Except there's a discussion taking place and there's no advertising revenue to be earned.

Back on topic, when I visited NY in the mid-80s, I was too terrified to take many photos. The Lower East Side was a scary place but I got given an easy ride because I looked so weird to most locals (or so I was told).


----------



## Fez909 (May 30, 2014)

Favelado


----------



## kraepelin (May 30, 2014)

It's when i look at photos from the 80s that i realise that i am now oldish. My childhood in those times would to some 16-20yr olds, much like my mothers seemed to me distant and unrelatable.

Will my childhood be classed by the youth as the pre-internet days, in the way i was amazed that my mum could remember black and white TV


----------



## editor (May 30, 2014)

editor said:


> Check out this amazing collection of photos of a beat up old NY from the 70s/80s.



Here's the same scene today: 

 

https://goo.gl/maps/F4ESd


----------



## skyscraper101 (May 30, 2014)

I was in Harlem and the Bronx last year. The guy who was showing us around, a 60 odd year old life long NY resident, was convinced I'd all have these misconceptions that it was all gangland and rough - which I didn't. It didn't stop him pointing out at _every_ opportunity the lack of crime and all the abundant good living there is these days!

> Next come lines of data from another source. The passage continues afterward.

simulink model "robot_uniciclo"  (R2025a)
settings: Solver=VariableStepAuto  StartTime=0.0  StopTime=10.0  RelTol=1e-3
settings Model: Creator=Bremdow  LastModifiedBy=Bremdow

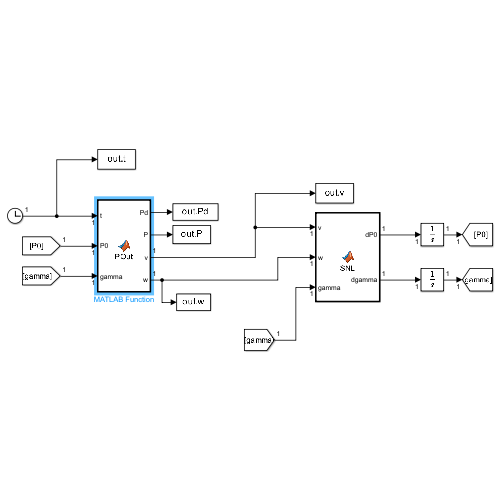
[thumbnail: Simulink's stored preview of the top-level diagram]
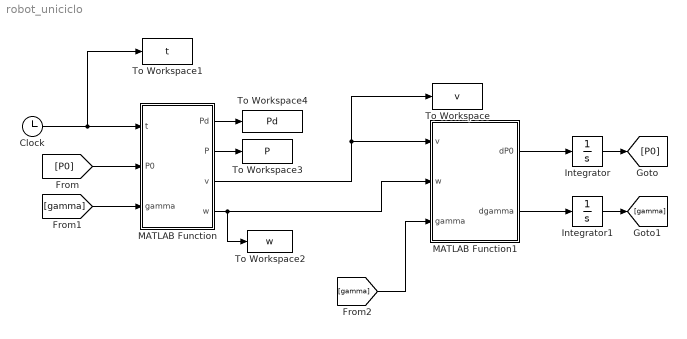
== system robot_uniciclo ==
  Clock : Clock
  Integrator : Integrator
  Integrator1 : Integrator
  MATLAB Function : MATLAB Function  TreatAsAtomicUnit=on
  MATLAB Function1 : MATLAB Function  TreatAsAtomicUnit=on
  To Workspace : ToWorkspace  VariableName=v  SampleTime=-1
  To Workspace1 : ToWorkspace  VariableName=t  SampleTime=-1
  To Workspace2 : ToWorkspace  VariableName=w  SampleTime=-1
  To Workspace3 : ToWorkspace  VariableName=P  SampleTime=-1
  To Workspace4 : ToWorkspace  VariableName=Pd  SampleTime=-1
  wires:
  Integrator/1 -> [P0]
  [gamma] -> MATLAB Function1/3(gamma)
  [gamma] -> MATLAB Function/3(gamma)
  [P0] -> MATLAB Function/2(P0)
  Clock/1 -> To Workspace1/1, MATLAB Function/1(t)
  MATLAB Function/4(w) -> MATLAB Function1/2(w), To Workspace2/1
  MATLAB Function/3(v) -> To Workspace/1, MATLAB Function1/1(v)
  MATLAB Function/2(P) -> To Workspace3/1
  MATLAB Function1/1(dP0) -> Integrator/1
  Integrator1/1 -> [gamma]
  MATLAB Function1/2(dgamma) -> Integrator1/1
  MATLAB Function/1(Pd) -> To Workspace4/1

== matlab function robot_uniciclo/MATLAB Function1 ==
  data: v input; dP0 output; w input; gamma input; dgamma output
function [dP0, dgamma] = SNL(v, w, gamma)
dP0 = [v*cos(gamma); v*sin(gamma)];
dgamma = w;

== matlab function robot_uniciclo/MATLAB Function ==
  data: t input; Pd output size=2; P0 input; gamma input; P output size=2; v output size=1; w output size=1
function [Pd, P, v, w] = POut(t, P0, gamma)
% Control PD del unicíclo tomando punto por fuera

% Parámetros del controlador
d  = 0.1;     % Distancia del punto por fuera [m]
kp = 2;       % Ganancia proporcional

% Trayectoria deseada (circunferencia)
T  = 40;
b  = 2*pi/T;

Pd  = [cos(b*t); sin(b*t)];                 % Posición deseada
dPd = [-b*sin(b*t); b*cos(b*t)];            % Velocidad deseada

% Punto por fuera
P = [P0(1) + d*cos(gamma);
     P0(2) + d*sin(gamma)];

% Error de seguimiento
e = Pd - P;

% Matriz de desacoplamiento
A = [cos(gamma), -d*sin(gamma);
     sin(gamma),  d*cos(gamma)];

% Control P con compensación
u = dPd + kp*e;
U = A \ u;      % Resolución del sistema (obtener la inversa \)

% Velocidades del unicíclo
v = U(1);       % Velocidad lineal
w = U(2);       % Velocidad angular

I imagine Detroit nowadays is probably the closest looking to what old NYC used to be like. Even some of the seedier parts of Downtown LA  feel to me more like what I imagine 80s NY was like. Won't be long before that is gone too.


----------



## editor (May 30, 2014)

skyscraper101 said:


> I was in Harlem and the Bronx last year. The guy who was showing us around, a 60 odd year old life long NY resident, was convinced I'd all have these misconceptions that it was all gangland and rough - which I didn't. It didn't stop him pointing out at _every_ opportunity the lack of crime and all the abundant good living there is these days!
> 
> I imagine Detroit nowadays is probably the closest looking to what old NYC used to be like. Even some of the seedier parts of Downtown LA  feel to me more like what I imagine 80s NY was like. Won't be long before that is gone too.


A few bits of Philly felt well run down when I was walking around earlier this month.


----------



## davesgcr (May 30, 2014)

First short visit was in 1984 - the subway was awful , smelt of urine , deserted after 2000hrs even in the Centre , all felt edgy and you were always watchful. Still  a great city even at its lowest point - in many ways (fascinated though I was then) ,it is much better today.

Imagine being a conductor working the No 4 train to the Bronx or Flatbush Avenue  on the night shift (a job given to the new recruits) in those days. The cycle of creation - near destruction - and re-birth took around 100 years in areas like the Bronx. Not a good place for the average citizen in those days. (the firefighting shots are excellent) - good job covered by "Report from Engine Company 84" and "Subway Hell - my years a NYC conductor" - we can safely read , without having to live through it !


----------



## Favelado (May 30, 2014)

What a fucking thread. Made for me.


----------



## Favelado (May 30, 2014)

There is a big forum called City Data which has tonnes of decent material. I'm not saying leave Urban of course!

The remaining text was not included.